Source: AdobeStock / Paradorn
On Wednesday, Bitcoin (BTC) mining difficulty has just jumped once again, for the third time in a row, forming a new increase streak, as previously discussed.
Bitcoin mining difficulty, or the measure of how hard it is to compete for mining rewards, jumped by 13.24%, reaching 17.6 T. This is the highest increase since May this year, and a significant jump from the 15.56 T, reached during the previous adjustment two weeks ago. It’s also notable when compared to the 13.67 T level it had seen during the last drop, in mid-July.
The number it hit today brought it back to the November 2020 level – slowly moving towards the all-time high of 25 T seen this past May, though still quite far from it.
This is now the third jump in a row, following the second longest drop streak in the network’s history.
All this comes with the rise of BTC’s price, which had recently surpassed USD 50,000 again, before correcting lower.
Per BitInfoCharts.com, hashrate, or the computational power of the network, continues increasing. The 7-day moving average hashrate on July 24 was up 50.4% since the July low. It’s also up 11.7% since the previous adjustment.
Meanwhile, though seeing some minor increases over the past two weeks, bitcoin mining profitability has remained the same since the previous difficulty adjustment.
The mining difficulty of Bitcoin is adjusted around every two weeks (or every 2016 blocks, to be precise) to maintain the normal 10-minute block time. The 7-day simple moving average block time on August 24 was 8.99 minutes.
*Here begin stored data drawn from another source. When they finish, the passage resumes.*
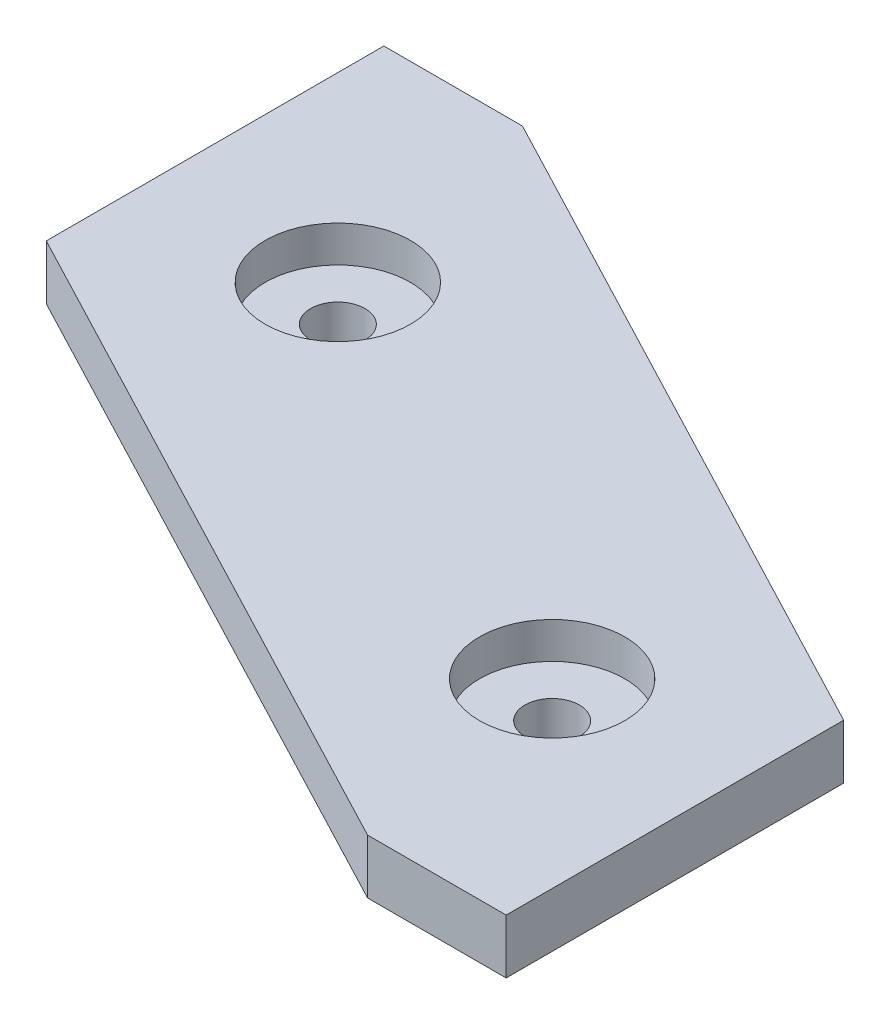
ISO-10303-21;
HEADER;
FILE_DESCRIPTION(('STEP AP214'),'2;1');
FILE_NAME('part.step','',(''),(''),'','','');
FILE_SCHEMA(('AUTOMOTIVE_DESIGN { 1 0 10303 214 1 1 1 1 }'));
ENDSEC;
DATA;
#1=APPLICATION_CONTEXT('core data for automotive mechanical design processes');
#2=APPLICATION_PROTOCOL_DEFINITION('international standard','automotive_design',2000,#1);
#3=PRODUCT_CONTEXT('',#1,'mechanical');
#4=PRODUCT('Part','Part','',(#3));
#5=PRODUCT_RELATED_PRODUCT_CATEGORY('part','',(#4));
#6=PRODUCT_DEFINITION_FORMATION('','',#4);
#7=PRODUCT_DEFINITION_CONTEXT('part definition',#1,'design');
#8=PRODUCT_DEFINITION('design','',#6,#7);
#9=PRODUCT_DEFINITION_SHAPE('','',#8);
#10=(LENGTH_UNIT() NAMED_UNIT(*) SI_UNIT(.MILLI.,.METRE.));
#11=(NAMED_UNIT(*) PLANE_ANGLE_UNIT() SI_UNIT($,.RADIAN.));
#12=(NAMED_UNIT(*) SI_UNIT($,.STERADIAN.) SOLID_ANGLE_UNIT());
#13=UNCERTAINTY_MEASURE_WITH_UNIT(LENGTH_MEASURE(1.E-05),#10,'distance_accuracy_value','');
#14=(GEOMETRIC_REPRESENTATION_CONTEXT(3) GLOBAL_UNCERTAINTY_ASSIGNED_CONTEXT((#13)) GLOBAL_UNIT_ASSIGNED_CONTEXT((#10,
#11,#12)) REPRESENTATION_CONTEXT('',''));
#15=CARTESIAN_POINT('',(0.,0.,0.));
#16=DIRECTION('',(0.,0.,1.));
#17=DIRECTION('',(1.,0.,0.));
#18=AXIS2_PLACEMENT_3D('',#15,#16,#17);
#19=CARTESIAN_POINT('',(24.7991935352745,-2.,13.));
#20=DIRECTION('',(0.,1.,0.));
#21=DIRECTION('',(0.,0.,1.));
#22=AXIS2_PLACEMENT_3D('',#19,#20,#21);
#23=CYLINDRICAL_SURFACE('',#22,1.5);
#24=CARTESIAN_POINT('',(24.7991935352745,-2.,13.));
#25=DIRECTION('',(0.,1.,0.));
#26=DIRECTION('',(0.,0.,1.));
#27=AXIS2_PLACEMENT_3D('',#24,#25,#26);
#28=CIRCLE('',#27,1.5);
#29=CARTESIAN_POINT('',(24.7991935352745,-2.,14.5));
#30=VERTEX_POINT('',#29);
#31=EDGE_CURVE('E139',#30,#30,#28,.T.);
#32=ORIENTED_EDGE('',*,*,#31,.F.);
#33=EDGE_LOOP('',(#32));
#34=FACE_BOUND('',#33,.T.);
#35=CARTESIAN_POINT('',(24.7991935352745,1.,13.));
#36=DIRECTION('',(0.,1.,0.));
#37=DIRECTION('',(0.,0.,1.));
#38=AXIS2_PLACEMENT_3D('',#35,#36,#37);
#39=CIRCLE('',#38,1.5);
#40=CARTESIAN_POINT('',(24.7991935352745,1.,14.5));
#41=VERTEX_POINT('',#40);
#42=EDGE_CURVE('E136',#41,#41,#39,.F.);
#43=ORIENTED_EDGE('',*,*,#42,.F.);
#44=EDGE_LOOP('',(#43));
#45=FACE_BOUND('',#44,.T.);
#46=ADVANCED_FACE('F38',(#34,#45),#23,.F.);
#47=CARTESIAN_POINT('',(0.,-2.,0.));
#48=DIRECTION('',(0.,1.,0.));
#49=DIRECTION('',(0.,0.,1.));
#50=AXIS2_PLACEMENT_3D('',#47,#48,#49);
#51=CYLINDRICAL_SURFACE('',#50,1.5);
#52=CARTESIAN_POINT('',(0.,-2.,0.));
#53=DIRECTION('',(0.,1.,0.));
#54=DIRECTION('',(0.,0.,1.));
#55=AXIS2_PLACEMENT_3D('',#52,#53,#54);
#56=CIRCLE('',#55,1.5);
#57=CARTESIAN_POINT('',(0.,-2.,1.5));
#58=VERTEX_POINT('',#57);
#59=EDGE_CURVE('E172',#58,#58,#56,.T.);
#60=ORIENTED_EDGE('',*,*,#59,.F.);
#61=EDGE_LOOP('',(#60));
#62=FACE_BOUND('',#61,.T.);
#63=CARTESIAN_POINT('',(0.,1.,0.));
#64=DIRECTION('',(0.,1.,0.));
#65=DIRECTION('',(0.,0.,1.));
#66=AXIS2_PLACEMENT_3D('',#63,#64,#65);
#67=CIRCLE('',#66,1.5);
#68=CARTESIAN_POINT('',(0.,1.,1.5));
#69=VERTEX_POINT('',#68);
#70=EDGE_CURVE('E133',#69,#69,#67,.F.);
#71=ORIENTED_EDGE('',*,*,#70,.F.);
#72=EDGE_LOOP('',(#71));
#73=FACE_BOUND('',#72,.T.);
#74=ADVANCED_FACE('F205',(#62,#73),#51,.F.);
#75=CARTESIAN_POINT('',(34.7991935352745,3.,6.95141621090866));
#76=DIRECTION('',(-0.464285714285714,0.,0.88568548340266));
#77=DIRECTION('',(0.88568548340266,0.,0.464285714285714));
#78=AXIS2_PLACEMENT_3D('',#75,#76,#77);
#79=PLANE('',#78);
#80=DIRECTION('',(-0.88568548340266,0.,-0.464285714285714));
#81=VECTOR('',#80,1.);
#82=CARTESIAN_POINT('',(34.7991935352745,0.,6.95141621090866));
#83=LINE('',#82,#81);
#84=CARTESIAN_POINT('',(34.7991935352745,0.,6.95141621090866));
#85=VERTEX_POINT('',#84);
#86=CARTESIAN_POINT('',(-2.36947891222324,0.,-12.532795690183));
#87=VERTEX_POINT('',#86);
#88=EDGE_CURVE('E120',#85,#87,#83,.T.);
#89=ORIENTED_EDGE('',*,*,#88,.T.);
#90=DIRECTION('',(0.,1.,0.));
#91=VECTOR('',#90,1.);
#92=CARTESIAN_POINT('',(-2.36947891222323,-2.,-12.532795690183));
#93=LINE('',#92,#91);
#94=CARTESIAN_POINT('',(-2.36947891222323,3.,-12.532795690183));
#95=VERTEX_POINT('',#94);
#96=EDGE_CURVE('E61',#87,#95,#93,.T.);
#97=ORIENTED_EDGE('',*,*,#96,.T.);
#98=DIRECTION('',(-0.88568548340266,0.,-0.464285714285714));
#99=VECTOR('',#98,1.);
#100=CARTESIAN_POINT('',(34.7991935352745,3.,6.95141621090866));
#101=LINE('',#100,#99);
#102=CARTESIAN_POINT('',(34.7991935352745,3.,6.95141621090866));
#103=VERTEX_POINT('',#102);
#104=EDGE_CURVE('E104',#103,#95,#101,.T.);
#105=ORIENTED_EDGE('',*,*,#104,.F.);
#106=DIRECTION('',(0.,-1.,0.));
#107=VECTOR('',#106,1.);
#108=CARTESIAN_POINT('',(34.7991935352745,3.,6.95141621090866));
#109=LINE('',#108,#107);
#110=EDGE_CURVE('E119',#103,#85,#109,.T.);
#111=ORIENTED_EDGE('',*,*,#110,.T.);
#112=EDGE_LOOP('',(#89,#97,#105,#111));
#113=FACE_BOUND('',#112,.T.);
#114=ADVANCED_FACE('F40',(#113),#79,.F.);
#115=CARTESIAN_POINT('',(-10.,3.,-16.532795690183));
#116=DIRECTION('',(1.,0.,0.));
#117=DIRECTION('',(0.,0.,-1.));
#118=AXIS2_PLACEMENT_3D('',#115,#116,#117);
#119=PLANE('',#118);
#120=DIRECTION('',(0.,0.,1.));
#121=VECTOR('',#120,1.);
#122=CARTESIAN_POINT('',(-10.,3.,-16.532795690183));
#123=LINE('',#122,#121);
#124=CARTESIAN_POINT('',(-10.,3.,-12.532795690183));
#125=VERTEX_POINT('',#124);
#126=CARTESIAN_POINT('',(-10.,3.,6.04858378909134));
#127=VERTEX_POINT('',#126);
#128=EDGE_CURVE('E101',#125,#127,#123,.T.);
#129=ORIENTED_EDGE('',*,*,#128,.F.);
#130=DIRECTION('',(0.,1.,0.));
#131=VECTOR('',#130,1.);
#132=CARTESIAN_POINT('',(-10.,-2.,-12.532795690183));
#133=LINE('',#132,#131);
#134=CARTESIAN_POINT('',(-10.,0.,-12.532795690183));
#135=VERTEX_POINT('',#134);
#136=EDGE_CURVE('E88',#135,#125,#133,.T.);
#137=ORIENTED_EDGE('',*,*,#136,.F.);
#138=DIRECTION('',(0.,0.,1.));
#139=VECTOR('',#138,1.);
#140=CARTESIAN_POINT('',(-10.,0.,-16.532795690183));
#141=LINE('',#140,#139);
#142=CARTESIAN_POINT('',(-10.,0.,6.04858378909134));
#143=VERTEX_POINT('',#142);
#144=EDGE_CURVE('E123',#135,#143,#141,.T.);
#145=ORIENTED_EDGE('',*,*,#144,.T.);
#146=DIRECTION('',(0.,-1.,0.));
#147=VECTOR('',#146,1.);
#148=CARTESIAN_POINT('',(-10.,3.,6.04858378909134));
#149=LINE('',#148,#147);
#150=EDGE_CURVE('E108',#127,#143,#149,.T.);
#151=ORIENTED_EDGE('',*,*,#150,.F.);
#152=EDGE_LOOP('',(#129,#137,#145,#151));
#153=FACE_BOUND('',#152,.T.);
#154=ADVANCED_FACE('F106',(#153),#119,.F.);
#155=CARTESIAN_POINT('',(-10.,3.,6.04858378909134));
#156=DIRECTION('',(0.464285714285714,0.,-0.885685483402661));
#157=DIRECTION('',(-0.885685483402661,0.,-0.464285714285714));
#158=AXIS2_PLACEMENT_3D('',#155,#156,#157);
#159=PLANE('',#158);
#160=DIRECTION('',(0.88568548340266,0.,0.464285714285714));
#161=VECTOR('',#160,1.);
#162=CARTESIAN_POINT('',(-10.,0.,6.04858378909134));
#163=LINE('',#162,#161);
#164=CARTESIAN_POINT('',(27.1686724474977,0.,25.532795690183));
#165=VERTEX_POINT('',#164);
#166=EDGE_CURVE('E126',#143,#165,#163,.T.);
#167=ORIENTED_EDGE('',*,*,#166,.T.);
#168=DIRECTION('',(0.,1.,0.));
#169=VECTOR('',#168,1.);
#170=CARTESIAN_POINT('',(27.1686724474977,-2.,25.532795690183));
#171=LINE('',#170,#169);
#172=CARTESIAN_POINT('',(27.1686724474977,3.,25.532795690183));
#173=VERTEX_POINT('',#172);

Furthermore, according to ByteTree, in the past week, miners have spent more of their newly generated BTC than what they’ve held – though the opposite can be said for the weeks leading up to it.
Source: terminal.bytetree.com, 12:45 UTC
At 14:42 UTC on Wednesday, BTC is trading at USD 47,992. It’s down 0.9% in a day and is up 8.3% in a week.
The average hash rate has made a significant recovery as Chinese miners who have had to leave the country due to regulatory crackdowns are migrating and rejoining the network. According to data from analytics provider CryptoQuant, the hash rate on August 24 went up to 152 EH/s from a year-to-date low of 52 EH/s seen on June 28.
The crypto mining migrations are taking their toll: one mining company migrating from China to North America is Bit Digital, which owned 32,500 miners as of June 30, 2021. On the same date, they had had close to 30% of their mining fleet still remaining in China—while close to 9,500 miners were expected to complete the migration within the third quarter of this year.
Before the crackdown, miners in China made up half of all global miners, but the recent turn of events has opened new opportunities to miners elsewhere, many argued. Shane Downey, chief financial officer of Hut 8 Mining, told the Financial Times, “Think of the average daily global bitcoin production as the pie. The size of the pie remained the same, and every existing miner could help themselves to a bigger piece.”
Another company on the move is The9, planning to take their mining business to Kazakhstan—significantly closer, in a geographical manner. The total capacity of their new facility is expected to be 200 megawatts and will accommodate over 50,000 S19 Antminer devices for a total of around 5 EH/s hash power. Half of the capacity is expected to be available by the end of this year, while the deadline for the remaining 100 MW is the end of 2022.
The increase in hash rate could indicate that miners are settling down again, resulting in these recent increases in difficulty. While the formerly Chinese miners are still finding their feet, those based in other countries are definitely helping themselves to bigger pieces of the proverbial cake, as US-based Riot Blockchain reported a record-setting second quarter with a 1,540% year-over-year increase in profits.